=== About this task ===
For the word "view", state the number of lines in the data that contain it, and nothing else.

BEGIN Data supplied

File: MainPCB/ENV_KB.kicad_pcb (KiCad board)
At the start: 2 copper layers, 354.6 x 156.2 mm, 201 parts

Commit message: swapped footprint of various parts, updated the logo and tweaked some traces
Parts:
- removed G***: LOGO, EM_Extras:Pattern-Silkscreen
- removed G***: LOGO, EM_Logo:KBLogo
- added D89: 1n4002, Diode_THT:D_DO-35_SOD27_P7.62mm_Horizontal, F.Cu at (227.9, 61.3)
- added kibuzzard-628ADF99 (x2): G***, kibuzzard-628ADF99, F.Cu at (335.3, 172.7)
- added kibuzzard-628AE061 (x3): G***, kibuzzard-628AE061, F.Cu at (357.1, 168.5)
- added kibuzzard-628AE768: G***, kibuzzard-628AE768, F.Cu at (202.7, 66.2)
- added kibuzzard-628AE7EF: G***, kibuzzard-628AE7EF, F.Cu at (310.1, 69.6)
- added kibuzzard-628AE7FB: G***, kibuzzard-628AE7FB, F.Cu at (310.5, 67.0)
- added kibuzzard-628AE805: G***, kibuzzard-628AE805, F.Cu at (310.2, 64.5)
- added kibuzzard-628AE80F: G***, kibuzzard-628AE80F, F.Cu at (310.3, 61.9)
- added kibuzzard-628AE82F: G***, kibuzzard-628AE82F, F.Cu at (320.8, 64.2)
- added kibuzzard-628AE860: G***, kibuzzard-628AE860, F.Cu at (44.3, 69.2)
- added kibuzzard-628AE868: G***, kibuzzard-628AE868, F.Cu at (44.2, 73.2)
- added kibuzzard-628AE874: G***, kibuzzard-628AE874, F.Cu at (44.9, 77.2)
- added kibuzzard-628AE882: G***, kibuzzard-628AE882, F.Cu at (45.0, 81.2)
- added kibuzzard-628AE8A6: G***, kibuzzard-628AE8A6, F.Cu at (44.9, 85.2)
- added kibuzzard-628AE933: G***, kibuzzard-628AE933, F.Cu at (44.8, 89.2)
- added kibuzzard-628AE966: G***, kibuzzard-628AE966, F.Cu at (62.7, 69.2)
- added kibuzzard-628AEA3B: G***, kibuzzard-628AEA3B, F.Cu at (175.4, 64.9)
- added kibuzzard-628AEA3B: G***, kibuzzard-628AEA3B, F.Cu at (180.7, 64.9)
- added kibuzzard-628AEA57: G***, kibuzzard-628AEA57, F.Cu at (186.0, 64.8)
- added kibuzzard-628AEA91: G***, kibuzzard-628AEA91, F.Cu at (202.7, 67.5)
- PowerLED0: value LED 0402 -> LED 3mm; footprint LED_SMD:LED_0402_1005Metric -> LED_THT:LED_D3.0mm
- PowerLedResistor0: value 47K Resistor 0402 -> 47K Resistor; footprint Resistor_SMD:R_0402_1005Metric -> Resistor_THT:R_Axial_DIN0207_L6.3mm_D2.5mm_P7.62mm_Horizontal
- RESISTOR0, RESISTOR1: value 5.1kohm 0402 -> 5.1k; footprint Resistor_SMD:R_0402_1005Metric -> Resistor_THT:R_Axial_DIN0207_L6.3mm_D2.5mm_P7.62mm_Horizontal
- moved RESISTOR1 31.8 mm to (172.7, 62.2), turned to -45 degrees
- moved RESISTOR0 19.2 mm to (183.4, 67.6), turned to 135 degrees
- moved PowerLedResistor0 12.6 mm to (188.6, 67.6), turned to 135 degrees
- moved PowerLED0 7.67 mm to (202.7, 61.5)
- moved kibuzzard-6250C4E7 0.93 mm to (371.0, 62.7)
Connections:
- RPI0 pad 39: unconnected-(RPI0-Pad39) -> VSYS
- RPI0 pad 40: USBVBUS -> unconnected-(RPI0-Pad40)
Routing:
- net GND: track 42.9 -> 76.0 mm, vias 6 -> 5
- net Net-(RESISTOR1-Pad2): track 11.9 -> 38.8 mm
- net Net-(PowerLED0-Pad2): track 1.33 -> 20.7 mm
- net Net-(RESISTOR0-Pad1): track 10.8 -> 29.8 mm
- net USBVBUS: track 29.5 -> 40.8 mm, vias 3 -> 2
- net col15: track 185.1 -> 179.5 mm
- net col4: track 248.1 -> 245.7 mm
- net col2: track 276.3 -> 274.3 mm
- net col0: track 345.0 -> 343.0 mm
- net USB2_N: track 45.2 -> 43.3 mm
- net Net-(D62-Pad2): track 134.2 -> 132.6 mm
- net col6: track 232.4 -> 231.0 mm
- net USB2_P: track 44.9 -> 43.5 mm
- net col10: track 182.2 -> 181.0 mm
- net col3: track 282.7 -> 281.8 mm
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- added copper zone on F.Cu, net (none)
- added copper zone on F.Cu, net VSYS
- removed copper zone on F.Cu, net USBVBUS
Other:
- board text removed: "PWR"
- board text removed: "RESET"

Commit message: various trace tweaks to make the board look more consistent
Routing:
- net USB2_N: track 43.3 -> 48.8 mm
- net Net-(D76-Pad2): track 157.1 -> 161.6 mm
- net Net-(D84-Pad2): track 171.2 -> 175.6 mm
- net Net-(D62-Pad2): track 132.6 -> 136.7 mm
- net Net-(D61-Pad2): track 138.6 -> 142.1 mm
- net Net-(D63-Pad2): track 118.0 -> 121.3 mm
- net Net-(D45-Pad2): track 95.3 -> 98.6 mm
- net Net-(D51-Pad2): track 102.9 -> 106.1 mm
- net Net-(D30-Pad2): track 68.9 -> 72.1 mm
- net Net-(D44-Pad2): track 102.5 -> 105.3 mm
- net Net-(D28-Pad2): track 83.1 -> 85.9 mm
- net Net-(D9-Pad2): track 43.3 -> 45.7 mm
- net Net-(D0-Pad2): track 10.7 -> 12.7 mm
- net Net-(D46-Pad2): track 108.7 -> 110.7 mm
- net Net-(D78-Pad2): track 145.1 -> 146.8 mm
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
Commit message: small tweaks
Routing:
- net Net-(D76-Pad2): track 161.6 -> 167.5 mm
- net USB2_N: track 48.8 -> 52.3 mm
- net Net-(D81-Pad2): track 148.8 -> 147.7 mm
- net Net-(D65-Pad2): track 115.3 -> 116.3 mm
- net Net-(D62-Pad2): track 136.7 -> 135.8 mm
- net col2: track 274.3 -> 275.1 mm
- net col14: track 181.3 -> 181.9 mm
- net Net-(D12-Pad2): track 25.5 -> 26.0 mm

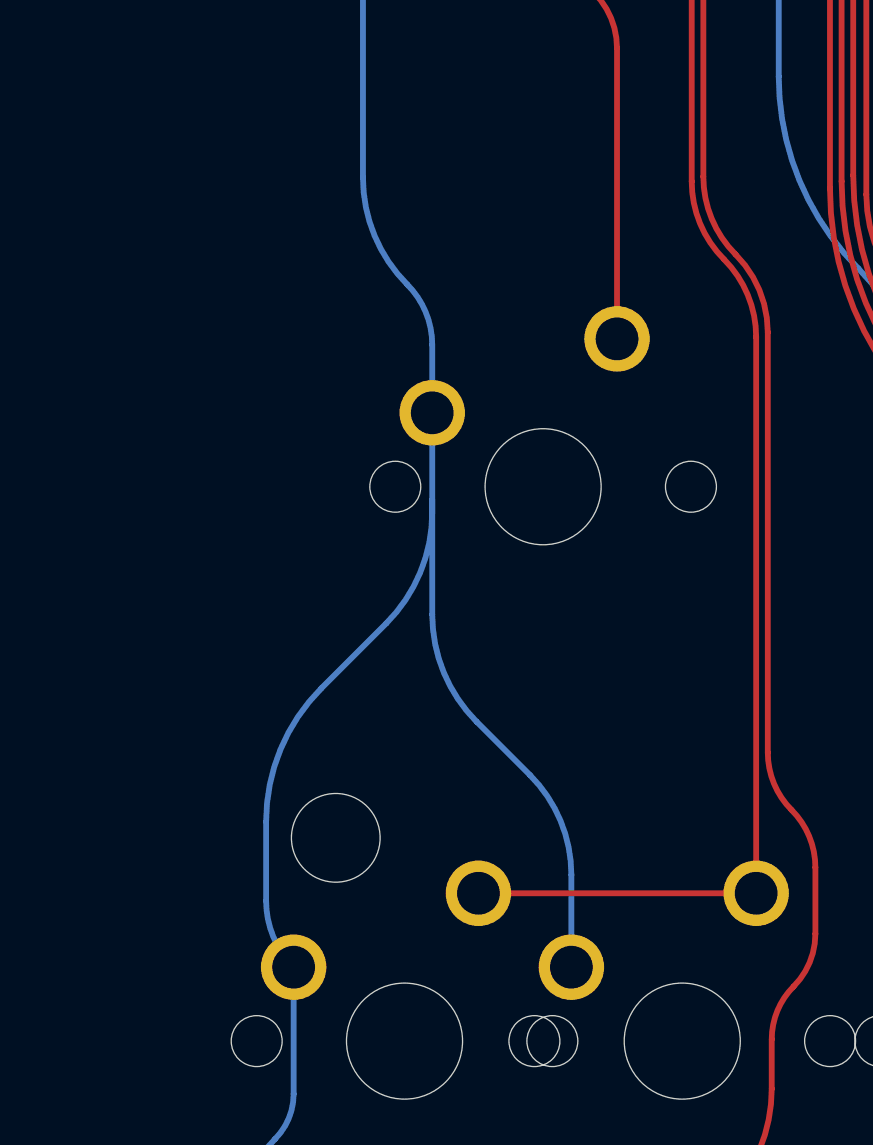
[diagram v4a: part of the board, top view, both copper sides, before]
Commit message: Added Stepped left shift for orig version
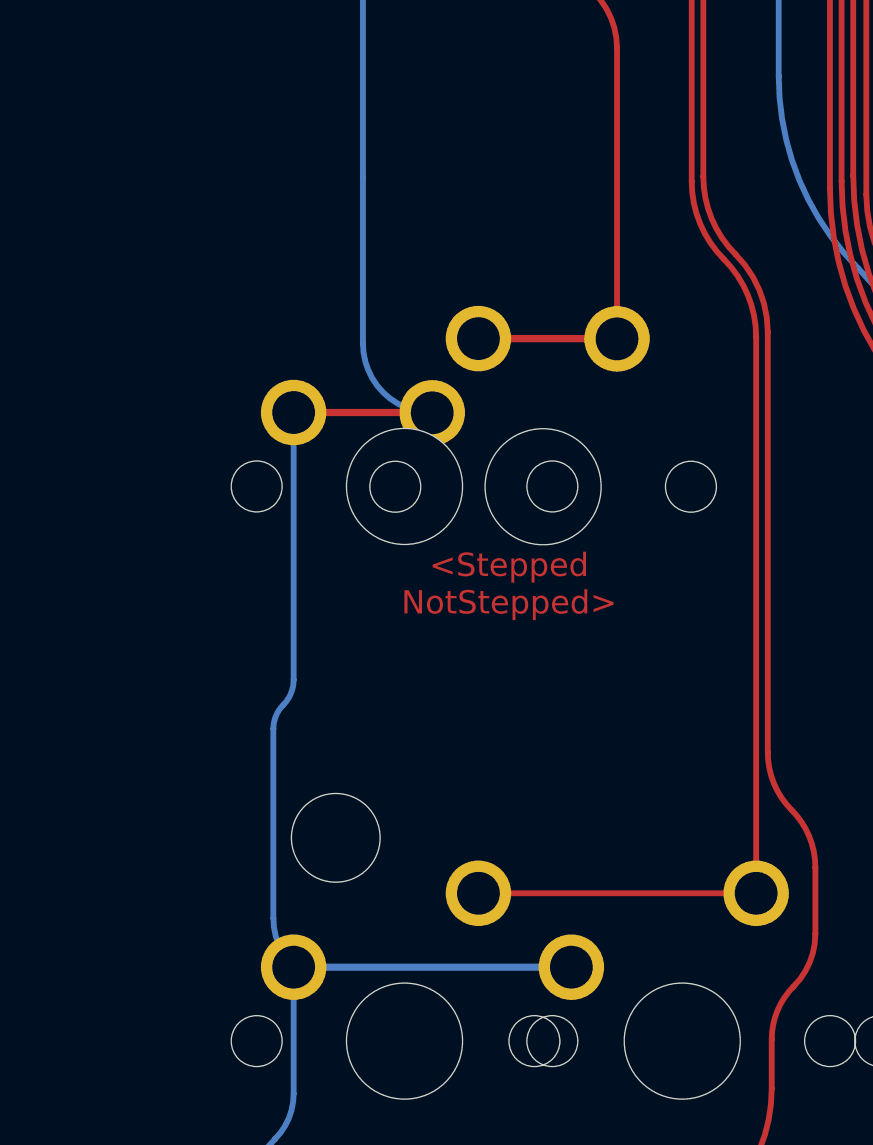
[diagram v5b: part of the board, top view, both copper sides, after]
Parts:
- added K_50A1: KEYSW, MX_Only:MXOnly-1.25U-NoLED, F.Cu at (49.1, 168.4)
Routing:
- net Net-(D50-Pad2): track 95.3 -> 100.0 mm
- net col0: track 343.1 -> 338.9 mm
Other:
- board text added: "<Stepped NotStepped>"
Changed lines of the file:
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@@
       ) (layer "F.SilkS") (width 0) (fill solid))
   )
+  (footprint "MX_Only:MXOnly-1.25U-NoLED" (layer "F.Cu")
+    (at 49.10625 168.45)
+    (property "Sheetfile" "ENV_KB.kicad_sch")
+    (property "Sheetname" "")
+    (attr through_hole)
+    (fp_text reference "K_50A1" (at 0 3.175) (layer "Dwgs.User")
+      (effects (font (size 1 1) (thickness 0.15)))
+    )
+    (fp_text value "KEYSW" (at 0 -7.9375) (layer "Dwgs.User")
+      (effects (font (size 1 1) (thickness 0.15)))
+    )
+    (fp_line (start -7 -7) (end -7 -5) (layer "Dwgs.User") (width 0.15))
+    (fp_line (start -11.90625 -9.525) (end 11.90625 -9.525) (layer "Dwgs.User") (width 0.15))
+    (fp_line (start -5 -7) (end -7 -7) (layer "Dwgs.User") (width 0.15))
+    (fp_line (start -7 5) (end -7 7) (layer "Dwgs.User") (width 0.15))
+    (fp_line (start 5 -7) (end 7 -7) (layer "Dwgs.User") (width 0.15))
+    (fp_line (start -7 7) (end -5 7) (layer "Dwgs.User") (width 0.15))
+    (fp_line (start 5 7) (end 7 7) (layer "Dwgs.User") (width 0.15))
+    (fp_line (start -11.90625 9.525) (end -11.90625 -9.525) (layer "Dwgs.User") (width 0.15))
+    (fp_line (start 7 -7) (end 7 -5) (layer "Dwgs.User") (width 0.15))
+    (fp_line (start 11.90625 -9.525) (end 11.90625 9.525) (layer "Dwgs.User") (width 0.15))
+    (fp_line (start -11.90625 9.525) (end 11.90625 9.525) (layer "Dwgs.User") (width 0.15))
+    (fp_line (start 7 7) (end 7 5) (layer "Dwgs.User") (width 0.15))
+    (pad "" np_thru_hole circle locked (at 5.08 0 48.0996) (size 1.75 1.75) (drill 1.75) (layers *.Cu *.Mask))
+    (pad "" np_thru_hole circle locked (at 0 0) (size 3.9878 3.9878) (drill 3.9878) (layers *.Cu *.Mask))
+    (pad "" np_thru_hole circle locked (at -5.08 0 48.0996) (size 1.75 1.75) (drill 1.75) (layers *.Cu *.Mask))
+    (pad "1" thru_hole circle locked (at -3.81 -2.54) (size 2.25 2.25) (drill 1.47) (layers *.Cu *.Mask)
+      (net 1 "col0") (pinfunction "COL") (pintype "passive"))
+    (pad "2" thru_hole circle locked (at 2.54 -5.08) (size 2.25 2.25) (drill 1.47) (layers *.Cu *.Mask)
+      (net 67 "Net-(D50-Pad2)") (pinfunction "ROW") (pintype "passive"))
+  )
   (footprint "MountingHole:MountingHole_2.2mm_M2_Pad" (layer "F.Cu")
     (at 192.325 63.385)
@@
   (gr_line (start 246.625 78.635) (end 243.125 78.635) (layer "Edge.Cuts") (width 0.1))
   (gr_line (start 216.92804 60.188128) (end 216.925 59.635) (layer "Edge.Cuts") (width 0.1))
+  (gr_text "<Stepped\nNotStepped>" (at 52.7 171.8) (layer "F.Cu")
+    (effects (font (size 0.8 0.8) (thickness 0.15)))
+  )
   (gr_text "https://github.com/Envious-Data/Env-KB" (at 256.225 74.735) (layer "B.Cu")
     (effects (font (size 1 1) (thickness 0.2)) (justify right mirror))
@@
     (style (thickness 0.1) (arrow_length 1.27) (text_position_mode 0) (extension_height 0.58642) (extension_offset 0) keep_text_aligned)
   )
+  (segment (start 45.29625 165.91) (end 50.04875 165.91) (width 0.25) (layer "F.Cu") (net 1))
+  (segment (start 50.04875 165.91) (end 50.05875 165.92) (width 0.25) (layer "F.Cu") (net 1))
+  (segment (start 45.29625 175.09625) (end 45.29625 165.91) (width 0.2) (layer "B.Cu") (net 1))
   (segment (start 244.298792 89.841207) (end 250.54 83.6) (width 0.2) (layer "B.Cu") (net 1))
-  (segment (start 54.84 184.97) (end 54.84 181.799183) (width 0.2) (layer "B.Cu") (net 1))
-  (segment (start 53.42 178.371) (end 51.586454 176.537454) (width 0.2) (layer "B.Cu") (net 1))
+  (segment (start 47.6775 163.53875) (end 47.6775 157.83436) (width 0.2) (layer "B.Cu") (net 1))
   (segment (start 47.915 91.435) (end 240.451036 91.435) (width 0.2) (layer "B.Cu") (net 1))
+  (segment (start 54.84 184.97) (end 45.29625 184.97) (width 0.25) (layer "B.Cu") (net 1))
   (segment (start 42.915 127.82) (end 42.915 99.245) (width 0.2) (layer "B.Cu") (net 1))
-  (segment (start 44.35 182.685551) (end 44.35 179.969871) (width 0.2) (layer "B.Cu") (net 1))
-  (segment (start 50.05875 172.84925) (end 50.05875 168.90125) (width 0.2) (layer "B.Cu") (net 1))
   (segment (start 43.513 199.714854) (end 43.513 193.63183) (width 0.2) (layer "B.Cu") (net 1))
-  (segment (start 50.05875 165.92) (end 50.05875 163.583205) (width 0.2) (layer "B.Cu") (net 1))
   (segment (start 45.29625 189.326666) (end 45.29625 184.97) (width 0.2) (layer "B.Cu") (net 1))
-  (segment (start 50.05875 165.92) (end 50.05875 168.90125) (width 0.2) (layer "B.Cu") (net 1))
   (segment (start 47.6775 157.83436) (end 47.6775 146.87) (width 0.2) (layer "B.Cu") (net 1))
   (segment (start 42.915 134.197812) (end 42.915 127.82) (width 0.2) (layer "B.Cu") (net 1))
-  (segment (start 46.24849 175.38651) (end 48.475 173.16) (width 0.2) (layer "B.Cu") (net 1))
   (segment (start 47.6775 146.87) (end 47.6775 145.695503) (width 0.2) (layer "B.Cu") (net 1))
   (segment (start 42.915 99.245) (end 42.915 96.435) (width 0.2) (layer "B.Cu") (net 1))
-  (segment (start 50.05875 169.33649) (end 50.05875 168.90125) (width 0.2) (layer "B.Cu") (net 1))
-  (arc (start 44.35 179.969871) (mid 44.843402 177.489374) (end 46.24849 175.38651) (width 0.2) (layer "B.Cu") (net 1))
-  (arc (start 50.05875 163.583205) (mid 49.835568 162.461194) (end 49.2 161.51) (width 0.2) (layer "B.Cu") (net 1))
-  (arc (start 48.475 173.16) (mid 49.647146 171.405759) (end 50.05875 169.33649) (width 0.2) (layer "B.Cu") (net 1))
-  (arc (start 49.2 161.51) (mid 48.073184 159.823602) (end 47.6775 157.83436) (width 0.2) (layer "B.Cu") (net 1))
+  (segment (start 44.6 183.289104) (end 44.6 176.777131) (width 0.2) (layer "B.Cu") (net 1))
+  (arc (start 44.937393 175.962607) (mid 45.202986 175.565119) (end 45.29625 175.09625) (width 0.2) (layer "B.Cu") (net 1))
+  (arc (start 44.6 176.777131) (mid 44.687683 176.336319) (end 44.937393 175.962607) (width 0.2) (layer "B.Cu") (net 1))
+  (arc (start 45.29625 184.97) (mid 44.78095 184.198798) (end 44.6 183.289104) (width 0.2) (layer "B.Cu") (net 1))
   (arc (start 43.513 193.63183) (mid 43.809391 192.14177) (end 44.653442 190.878558) (width 0.2) (layer "B.Cu") (net 1))
   (arc (start 45.29625 204.02) (mid 43.976451 202.044783) (end 43.513 199.714854) (width 0.2) (layer "B.Cu") (net 1))
-  (arc (start 51.586454 176.537454) (mid 50.455787 174.845292) (end 50.05875 172.84925) (width 0.2) (layer "B.Cu") (net 1))
   (arc (start 47.6775 145.695503) (mid 47.046613 142.523822) (end 45.25 139.835) (width 0.2) (layer "B.Cu") (net 1))
   (arc (start 47.915 91.435) (mid 44.379466 92.899466) (end 42.915 96.435) (width 0.2) (layer "B.Cu") (net 1))
   (arc (start 44.653442 190.878558) (mid 45.129186 190.166551) (end 45.29625 189.326666) (width 0.2) (layer "B.Cu") (net 1))
   (arc (start 45.25 139.835) (mid 43.521846 137.248636) (end 42.915 134.197812) (width 0.2) (layer "B.Cu") (net 1))
-  (arc (start 54.84 181.799183) (mid 54.470954 179.943864) (end 53.42 178.371) (width 0.2) (layer "B.Cu") (net 1))
-  (arc (start 45.29625 184.97) (mid 44.595922 183.921886) (end 44.35 182.685551) (width 0.2) (layer "B.Cu") (net 1))
   (arc (start 240.451036 91.435) (mid 242.533426 91.020786) (end 244.298792 89.841207) (width 0.2) (layer "B.Cu") (net 1))
+  (arc (start 50.05875 165.92) (mid 48.374952 165.222548) (end 47.6775 163.53875) (width 0.2) (layer "B.Cu") (net 1))
   (segment (start 253.08 83.6) (end 252.214996 84.465003) (width 0.2) (layer "B.Cu") (net 2))
   (segment (start 240.66583 91.885) (end 66.965 91.885) (width 0.2) (layer "B.Cu") (net 2))
@@
   (arc (start 356.575009 80.385009) (mid 356.575 80.385002) (end 356.574993 80.385) (width 0.2) (layer "F.Cu") (net 66))
   (arc (start 377.8775 144.33) (mid 377.066183 142.371307) (end 375.10749 141.55999) (width 0.2) (layer "F.Cu") (net 66))
+  (segment (start 51.64625 163.37) (end 56.39875 163.37) (width 0.25) (layer "F.Cu") (net 67))
   (segment (start 56.175 144.180405) (end 56.175 144.035) (width 0.2) (layer "F.Cu") (net 67))
   (segment (start 55.397182 142.157182) (end 55.30101 142.06101) (width 0.2) (layer "F.Cu") (net 67))
@@
   (segment (start 44.250417 88.283771) (end 44.250417 92.040757) (width 0.2) (layer "F.Cu") (net 67))
   (segment (start 56.40875 163.38) (end 56.40875 153.38863) (width 0.2) (layer "F.Cu") (net 67))
+  (segment (start 56.39875 163.37) (end 56.40875 163.38) (width 0.25) (layer "F.Cu") (net 67))
   (arc (start 55.616875 151.476875) (mid 55.030801 150.599754) (end 54.825 149.565119) (width 0.2) (layer "F.Cu") (net 67))
   (arc (start 55.30101 142.06101) (mid 54.654162 141.092934) (end 54.42702 139.951011) (width 0.2) (layer "F.Cu") (net 67))

END Data supplied

=== Response area ===
2